День тёк размеренно, как полноводная, но спокойная река. Завтрак – чай с вареньем, заботливо приготовленным Марьей Петровной, её незримые руки поправляли его галстук. Беседа с Ваней о предстоящих уроках – мальчик мечтал стать инженером, строить мосты! Алексей Иванович слушал, кивал, сердце его распирала гордость. Потом – путь на службу. Он выходил из своего скромного, но чистого жилища (две комнаты и кухонька), шагал по улицам, кивая знакомым – старику-лавочнику, почтальону Семёнычу. Воздух был наполнен запахами булок, конского навоза и весенней сырости – обычной, живой жизнью столицы.

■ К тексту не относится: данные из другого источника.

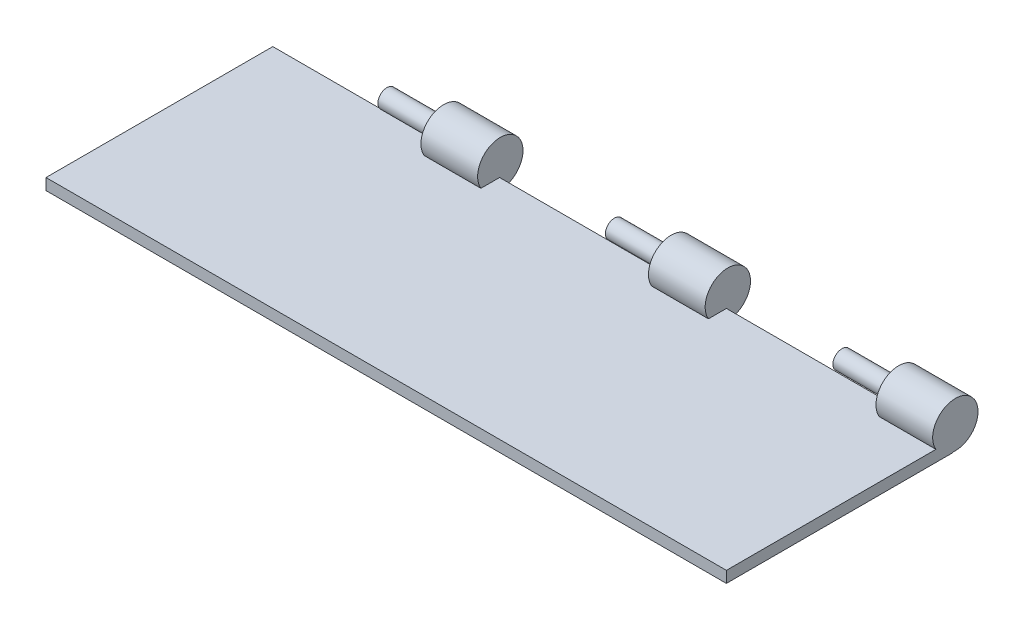
ISO-10303-21;
HEADER;
FILE_DESCRIPTION(('STEP AP214'),'2;1');
FILE_NAME('part.step','',(''),(''),'','','');
FILE_SCHEMA(('AUTOMOTIVE_DESIGN { 1 0 10303 214 1 1 1 1 }'));
ENDSEC;
DATA;
#1=APPLICATION_CONTEXT('core data for automotive mechanical design processes');
#2=APPLICATION_PROTOCOL_DEFINITION('international standard','automotive_design',2000,#1);
#3=PRODUCT_CONTEXT('',#1,'mechanical');
#4=PRODUCT('Part','Part','',(#3));
#5=PRODUCT_RELATED_PRODUCT_CATEGORY('part','',(#4));
#6=PRODUCT_DEFINITION_FORMATION('','',#4);
#7=PRODUCT_DEFINITION_CONTEXT('part definition',#1,'design');
#8=PRODUCT_DEFINITION('design','',#6,#7);
#9=PRODUCT_DEFINITION_SHAPE('','',#8);
#10=(LENGTH_UNIT() NAMED_UNIT(*) SI_UNIT(.MILLI.,.METRE.));
#11=(NAMED_UNIT(*) PLANE_ANGLE_UNIT() SI_UNIT($,.RADIAN.));
#12=(NAMED_UNIT(*) SI_UNIT($,.STERADIAN.) SOLID_ANGLE_UNIT());
#13=UNCERTAINTY_MEASURE_WITH_UNIT(LENGTH_MEASURE(1.E-05),#10,'distance_accuracy_value','');
#14=(GEOMETRIC_REPRESENTATION_CONTEXT(3) GLOBAL_UNCERTAINTY_ASSIGNED_CONTEXT((#13)) GLOBAL_UNIT_ASSIGNED_CONTEXT((#10,
#11,#12)) REPRESENTATION_CONTEXT('',''));
#15=CARTESIAN_POINT('',(0.,0.,0.));
#16=DIRECTION('',(0.,0.,1.));
#17=DIRECTION('',(1.,0.,0.));
#18=AXIS2_PLACEMENT_3D('',#15,#16,#17);
#19=CARTESIAN_POINT('',(150.,5.,-50.));
#20=DIRECTION('',(0.,0.,1.));
#21=DIRECTION('',(1.,0.,0.));
#22=AXIS2_PLACEMENT_3D('',#19,#20,#21);
#23=PLANE('',#22);
#24=DIRECTION('',(0.,1.,0.));
#25=VECTOR('',#24,1.);
#26=CARTESIAN_POINT('',(-74.9989884396446,5.,-50.));
#27=LINE('',#26,#25);
#28=CARTESIAN_POINT('',(-74.9989884396446,0.177370571045728,-50.));
#29=VERTEX_POINT('',#28);
#30=CARTESIAN_POINT('',(-74.9989884396446,5.,-50.));
#31=VERTEX_POINT('',#30);
#32=EDGE_CURVE('E131',#29,#31,#27,.T.);
#33=ORIENTED_EDGE('',*,*,#32,.F.);
#34=DIRECTION('',(1.,0.,0.));
#35=VECTOR('',#34,1.);
#36=CARTESIAN_POINT('',(-74.9989884396446,0.177370571045728,-50.));
#37=LINE('',#36,#35);
#38=CARTESIAN_POINT('',(-49.9989884396446,0.177370571045728,-50.));
#39=VERTEX_POINT('',#38);
#40=EDGE_CURVE('E137',#29,#39,#37,.T.);
#41=ORIENTED_EDGE('',*,*,#40,.T.);
#42=DIRECTION('',(0.,1.,0.));
#43=VECTOR('',#42,1.);
#44=CARTESIAN_POINT('',(-49.9989884396446,5.,-50.));
#45=LINE('',#44,#43);
#46=CARTESIAN_POINT('',(-49.9989884396446,5.,-50.));
#47=VERTEX_POINT('',#46);
#48=EDGE_CURVE('E123',#39,#47,#45,.T.);
#49=ORIENTED_EDGE('',*,*,#48,.T.);
#50=DIRECTION('',(-1.,0.,0.));
#51=VECTOR('',#50,1.);
#52=CARTESIAN_POINT('',(150.,5.,-50.));
#53=LINE('',#52,#51);
#54=CARTESIAN_POINT('',(25.0005057801777,5.,-50.));
#55=VERTEX_POINT('',#54);
#56=EDGE_CURVE('E188',#55,#47,#53,.T.);
#57=ORIENTED_EDGE('',*,*,#56,.F.);
#58=DIRECTION('',(0.,1.,0.));
#59=VECTOR('',#58,1.);
#60=CARTESIAN_POINT('',(25.0005057801777,5.,-50.));
#61=LINE('',#60,#59);
#62=CARTESIAN_POINT('',(25.0005057801777,0.192563318821932,-50.));
#63=VERTEX_POINT('',#62);
#64=EDGE_CURVE('E154',#63,#55,#61,.T.);
#65=ORIENTED_EDGE('',*,*,#64,.F.);
#66=DIRECTION('',(1.,0.,0.));
#67=VECTOR('',#66,1.);
#68=CARTESIAN_POINT('',(25.0005057801777,0.192563318821932,-50.));
#69=LINE('',#68,#67);
#70=CARTESIAN_POINT('',(50.0005057801777,0.192563318821932,-50.));
#71=VERTEX_POINT('',#70);
#72=EDGE_CURVE('E156',#63,#71,#69,.T.);
#73=ORIENTED_EDGE('',*,*,#72,.T.);
#74=DIRECTION('',(0.,1.,0.));
#75=VECTOR('',#74,1.);
#76=CARTESIAN_POINT('',(50.0005057801777,5.,-50.));
#77=LINE('',#76,#75);
#78=CARTESIAN_POINT('',(50.0005057801777,5.,-50.));
#79=VERTEX_POINT('',#78);
#80=EDGE_CURVE('E150',#71,#79,#77,.T.);
#81=ORIENTED_EDGE('',*,*,#80,.T.);
#82=CARTESIAN_POINT('',(125.,5.,-50.));
#83=VERTEX_POINT('',#82);
#84=EDGE_CURVE('E184',#83,#79,#53,.T.);
#85=ORIENTED_EDGE('',*,*,#84,.F.);
#86=DIRECTION('',(0.,1.,0.));
#87=VECTOR('',#86,1.);
#88=CARTESIAN_POINT('',(125.,5.,-50.));
#89=LINE('',#88,#87);
#90=CARTESIAN_POINT('',(125.,0.217935990525383,-50.));
#91=VERTEX_POINT('',#90);
#92=EDGE_CURVE('E166',#91,#83,#89,.T.);
#93=ORIENTED_EDGE('',*,*,#92,.F.);
#94=DIRECTION('',(1.,0.,0.));
#95=VECTOR('',#94,1.);
#96=CARTESIAN_POINT('',(125.,0.217935990525383,-50.));
#97=LINE('',#96,#95);
#98=CARTESIAN_POINT('',(150.,0.217935990525383,-50.));
#99=VERTEX_POINT('',#98);
#100=EDGE_CURVE('E172',#91,#99,#97,.T.);
#101=ORIENTED_EDGE('',*,*,#100,.T.);
#102=DIRECTION('',(0.,-1.,0.));
#103=VECTOR('',#102,1.);
#104=CARTESIAN_POINT('',(150.,5.,-50.));
#105=LINE('',#104,#103);
#106=CARTESIAN_POINT('',(150.,0.,-50.));
#107=VERTEX_POINT('',#106);
#108=EDGE_CURVE('E199',#99,#107,#105,.T.);
#109=ORIENTED_EDGE('',*,*,#108,.T.);
#110=DIRECTION('',(-1.,0.,0.));
#111=VECTOR('',#110,1.);
#112=CARTESIAN_POINT('',(150.,0.,-50.));
#113=LINE('',#112,#111);
#114=CARTESIAN_POINT('',(-150.,0.,-50.));
#115=VERTEX_POINT('',#114);
#116=EDGE_CURVE('E179',#107,#115,#113,.T.);
#117=ORIENTED_EDGE('',*,*,#116,.T.);
#118=DIRECTION('',(0.,-1.,0.));
#119=VECTOR('',#118,1.);
#120=CARTESIAN_POINT('',(-150.,5.,-50.));
#121=LINE('',#120,#119);
#122=CARTESIAN_POINT('',(-150.,5.,-50.));
#123=VERTEX_POINT('',#122);
#124=EDGE_CURVE('E187',#123,#115,#121,.T.);
#125=ORIENTED_EDGE('',*,*,#124,.F.);
#126=EDGE_CURVE('E183',#31,#123,#53,.T.);
#127=ORIENTED_EDGE('',*,*,#126,.F.);
#128=EDGE_LOOP('',(#33,#41,#49,#57,#65,#73,#81,#85,#93,#101,#109,#117,#125,#127));
#129=FACE_BOUND('',#128,.T.);
#130=ADVANCED_FACE('F37',(#129),#23,.F.);
#131=CARTESIAN_POINT('',(0.,5.,0.));
#132=DIRECTION('',(0.,-1.,0.));
#133=DIRECTION('',(0.,0.,-1.));
#134=AXIS2_PLACEMENT_3D('',#131,#132,#133);
#135=PLANE('',#134);
#136=DIRECTION('',(0.,0.,1.));
#137=VECTOR('',#136,1.);
#138=CARTESIAN_POINT('',(-74.9989884396446,5.,0.));
#139=LINE('',#138,#137);
#140=CARTESIAN_POINT('',(-74.9989884396446,5.,-41.7595972590535));
#141=VERTEX_POINT('',#140);
#142=EDGE_CURVE('E11',#31,#141,#139,.T.);
#143=ORIENTED_EDGE('',*,*,#142,.F.);
#144=ORIENTED_EDGE('',*,*,#126,.T.);
#145=DIRECTION('',(0.,0.,1.));
#146=VECTOR('',#145,1.);
#147=CARTESIAN_POINT('',(-150.,5.,-50.));
#148=LINE('',#147,#146);
#149=CARTESIAN_POINT('',(-150.,5.,50.));
#150=VERTEX_POINT('',#149);
#151=EDGE_CURVE('E175',#123,#150,#148,.T.);
#152=ORIENTED_EDGE('',*,*,#151,.T.);
#153=DIRECTION('',(1.,0.,0.));
#154=VECTOR('',#153,1.);
#155=CARTESIAN_POINT('',(150.,5.,50.));
#156=LINE('',#155,#154);
#157=CARTESIAN_POINT('',(150.,5.,50.));
#158=VERTEX_POINT('',#157);
#159=EDGE_CURVE('E178',#150,#158,#156,.T.);
#160=ORIENTED_EDGE('',*,*,#159,.T.);
#161=DIRECTION('',(0.,0.,-1.));
#162=VECTOR('',#161,1.);
#163=CARTESIAN_POINT('',(150.,5.,-50.));
#164=LINE('',#163,#162);
#165=CARTESIAN_POINT('',(150.,5.,-42.3956971874638));
#166=VERTEX_POINT('',#165);
#167=EDGE_CURVE('E181',#158,#166,#164,.T.);
#168=ORIENTED_EDGE('',*,*,#167,.T.);
#169=DIRECTION('',(1.,0.,0.));
#170=VECTOR('',#169,1.);
#171=CARTESIAN_POINT('',(125.,5.,-42.3956971874638));
#172=LINE('',#171,#170);
#173=CARTESIAN_POINT('',(125.,5.,-42.3956971874638));
#174=VERTEX_POINT('',#173);
#175=EDGE_CURVE('E210',#166,#174,#172,.F.);
#176=ORIENTED_EDGE('',*,*,#175,.T.);
#177=DIRECTION('',(0.,0.,1.));
#178=VECTOR('',#177,1.);
#179=CARTESIAN_POINT('',(125.,5.,0.));
#180=LINE('',#179,#178);
#181=EDGE_CURVE('E207',#83,#174,#180,.T.);
#182=ORIENTED_EDGE('',*,*,#181,.F.);
#183=ORIENTED_EDGE('',*,*,#84,.T.);
#184=DIRECTION('',(0.,0.,1.));
#185=VECTOR('',#184,1.);
#186=CARTESIAN_POINT('',(50.0005057801777,5.,0.));
#187=LINE('',#186,#185);
#188=CARTESIAN_POINT('',(50.0005057801777,5.,-42.0776472232586));
#189=VERTEX_POINT('',#188);
#190=EDGE_CURVE('E212',#79,#189,#187,.T.);
#191=ORIENTED_EDGE('',*,*,#190,.T.);
#192=DIRECTION('',(1.,0.,0.));
#193=VECTOR('',#192,1.);
#194=CARTESIAN_POINT('',(25.0005057801777,5.,-42.0776472232586));
#195=LINE('',#194,#193);
#196=CARTESIAN_POINT('',(25.0005057801777,5.,-42.0776472232586));
#197=VERTEX_POINT('',#196);
#198=EDGE_CURVE('E217',#189,#197,#195,.F.);
#199=ORIENTED_EDGE('',*,*,#198,.T.);
#200=DIRECTION('',(0.,0.,1.));
#201=VECTOR('',#200,1.);
#202=CARTESIAN_POINT('',(25.0005057801777,5.,0.));
#203=LINE('',#202,#201);
#204=EDGE_CURVE('E220',#55,#197,#203,.T.);
#205=ORIENTED_EDGE('',*,*,#204,.F.);
#206=ORIENTED_EDGE('',*,*,#56,.T.);
#207=DIRECTION('',(0.,0.,1.));
#208=VECTOR('',#207,1.);
#209=CARTESIAN_POINT('',(-49.9989884396446,5.,0.));
#210=LINE('',#209,#208);
#211=CARTESIAN_POINT('',(-49.9989884396446,5.,-41.7595972590535));
#212=VERTEX_POINT('',#211);
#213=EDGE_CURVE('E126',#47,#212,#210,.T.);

В Казённой Палате его встречали уважительно. Столоначальник Борис Платонович, солидный мужчина с бакенбардами, бросал ему: «А, Алексей Иванович! Просмотрели дело об отчуждении под ветку? Шеф ждёт!» Коллеги перебрасывались деловыми репликами, шутили. Алексей Иванович садился за свой стол, заваленный бумагами, погружался в мир цифр и постановлений. Он чувствовал свою нужность, свою причастность к великому механизму государства. Иногда сквозь общий гул доносился чей-то резкий крик или бессвязное бормотание, но Алексей Иванович лишь морщился: «Опять этот пьяница Мышкин из бухгалтерии разошёлся… Или глухонемой сторож что-то невнятное мычит…». Шум стихал, растворялся в деловой суете его мира.
Вечером – возвращение в объятия семьи. Марьюшка встречала его ужином, пахло щами и пирогами. Он рассказывал о делах на службе, Ваня показывал выученные уроки, Аннушка лепетала на руках у матери. Тишина вечера, скрип перьев Вани за уроками, тиканье маятника старых настенных часов – это была музыка его души. По воскресеньям – поход в церковь или визиты к родственникам –горячо любимым теням прошлого.
Особенно он любил праздники. Рождество! В квартире пахло хвоей и воском свечей. На столе – гусь с яблоками, кутья. Марьюшка в лучшем платье, дети сияют. Алексей Иванович раздавал подарки – тщательно завернутые в бумагу коробочки, которые вызывали у Вани восторженные крики, а у Аннушки – любопытное касание маленьких ручек. Он пел рождественские тропари, его голос, немного хрипловатый, дрожал от счастья. В эти мгновения он чувствовал себя абсолютно цельным, нужным, любимым. Мир был ясен и прекрасен в своих установленных границах.
Лишь изредка, как назойливая муха, врывалась в этот идиллический покой тень сомнения. Например, когда он обнимал Марью Петровну, и его руки не ощущали ожидаемого тепла и упругости плоти, а лишь пустоту и прохладу воздуха. Или когда лицо Бориса Платоновича вдруг расплывалось, теряло знакомые черты, становясь просто белым пятном. Или когда улицы по дороге домой внезапно теряли привычные очертания, превращаясь в длинный, бесконечный коридор с множеством одинаковых дверей. Но Алексей Иванович быстро отмахивался от этих мыслей. Усталость, – убеждал он себя. – Или глаза подводят. Главное – сердце знает правду. Сердце видит Марьюшку, Ваню, Аннушку. Сердце чувствует тепло дома.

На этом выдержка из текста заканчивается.